(Stored data entries)
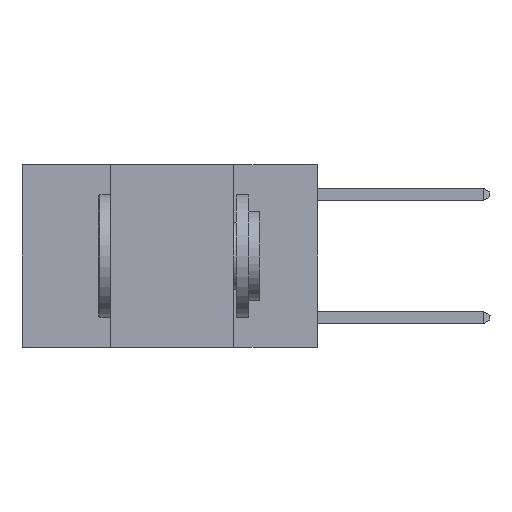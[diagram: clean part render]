
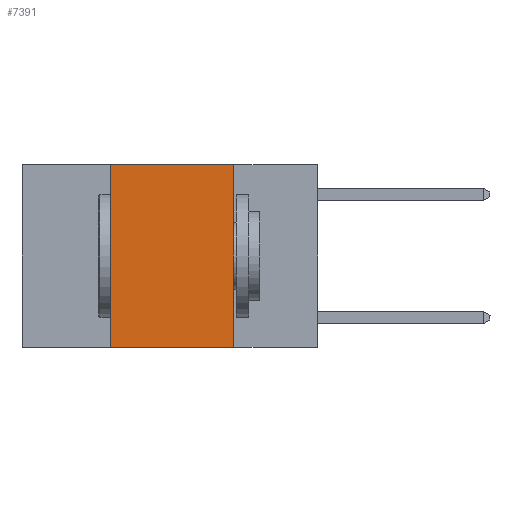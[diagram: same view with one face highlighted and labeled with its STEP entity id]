
A CAD part, left-side view. The second image highlights one B-rep face of the part: STEP entity #7391.
In plain terms, the highlighted planar face has unit normal (-1, 0, 0).
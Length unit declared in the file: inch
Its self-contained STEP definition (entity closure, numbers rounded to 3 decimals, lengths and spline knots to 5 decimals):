
#648 = CARTESIAN_POINT ( 'NONE',  ( 0., 0.42, 0. ) ) ;
#1291 = VECTOR ( 'NONE', #3209, 39.37008 ) ;
#1382 = DIRECTION ( 'NONE',  ( 0., 0., -1. ) ) ;
#1448 = VECTOR ( 'NONE', #6837, 39.37008 ) ;
#1712 = CARTESIAN_POINT ( 'NONE',  ( 0., 0.42, 0. ) ) ;
#1836 = VERTEX_POINT ( 'NONE', #648 ) ;
#1899 = LINE ( 'NONE', #6659, #8337 ) ;
#1901 = CARTESIAN_POINT ( 'NONE',  ( 0., 0.17, -0.37 ) ) ;
#2028 = VECTOR ( 'NONE', #7133, 39.37008 ) ;
#2409 = DIRECTION ( 'NONE',  ( 1., 0., 0. ) ) ;
#3209 = DIRECTION ( 'NONE',  ( 0., 0., 1. ) ) ;
#3251 = LINE ( 'NONE', #1712, #1291 ) ;
#3302 = EDGE_CURVE ( 'NONE', #8917, #5766, #4023, .T. ) ;
#3611 = ORIENTED_EDGE ( 'NONE', *, *, #3302, .T. ) ;
#3748 = AXIS2_PLACEMENT_3D ( 'NONE', #6944, #2409, #7653 ) ;
#4023 = LINE ( 'NONE', #4859, #2028 ) ;
#4532 = CARTESIAN_POINT ( 'NONE',  ( 0., 0.6, 0. ) ) ;
#4580 = CARTESIAN_POINT ( 'NONE',  ( 0., 0.17, 0. ) ) ;
#4788 = ORIENTED_EDGE ( 'NONE', *, *, #4839, .F. ) ;
#4799 = ORIENTED_EDGE ( 'NONE', *, *, #7470, .F. ) ;
#4824 = ORIENTED_EDGE ( 'NONE', *, *, #9123, .F. ) ;
#4839 = EDGE_CURVE ( 'NONE', #5679, #5766, #1899, .T. ) ;
#4859 = CARTESIAN_POINT ( 'NONE',  ( 0., 0.6, -0.37 ) ) ;
#5425 = PLANE ( 'NONE',  #3748 ) ;
#5679 = VERTEX_POINT ( 'NONE', #4580 ) ;
#5766 = VERTEX_POINT ( 'NONE', #1901 ) ;
#6659 = CARTESIAN_POINT ( 'NONE',  ( 0., 0.17, 0. ) ) ;
#6837 = DIRECTION ( 'NONE',  ( 0., -1., 0. ) ) ;
#6944 = CARTESIAN_POINT ( 'NONE',  ( 0., 0.6, 0. ) ) ;
#7133 = DIRECTION ( 'NONE',  ( 0., -1., 0. ) ) ;
#7329 = CARTESIAN_POINT ( 'NONE',  ( 0., 0.42, -0.37 ) ) ;
#7391 = ADVANCED_FACE ( 'NONE', ( #7719 ), #5425, .F. ) ;
#7470 = EDGE_CURVE ( 'NONE', #8917, #1836, #3251, .T. ) ;
#7653 = DIRECTION ( 'NONE',  ( 0., 0., -1. ) ) ;
#7719 = FACE_OUTER_BOUND ( 'NONE', #7897, .T. ) ;
#7897 = EDGE_LOOP ( 'NONE', ( #4788, #4824, #4799, #3611 ) ) ;
#8337 = VECTOR ( 'NONE', #1382, 39.37008 ) ;
#8917 = VERTEX_POINT ( 'NONE', #7329 ) ;
#9123 = EDGE_CURVE ( 'NONE', #1836, #5679, #9353, .T. ) ;
#9353 = LINE ( 'NONE', #4532, #1448 ) ;

:: Requirement ::
An exact copy of the lines from the one with "#8337 = VECTOR ( 'NONE', #1382, 39.37008 ) ;" to the final line of the entries is all that the answer should hold.

:: Solution to this exercise ::
#8337 = VECTOR ( 'NONE', #1382, 39.37008 ) ;
#8917 = VERTEX_POINT ( 'NONE', #7329 ) ;
#9123 = EDGE_CURVE ( 'NONE', #1836, #5679, #9353, .T. ) ;
#9353 = LINE ( 'NONE', #4532, #1448 ) ;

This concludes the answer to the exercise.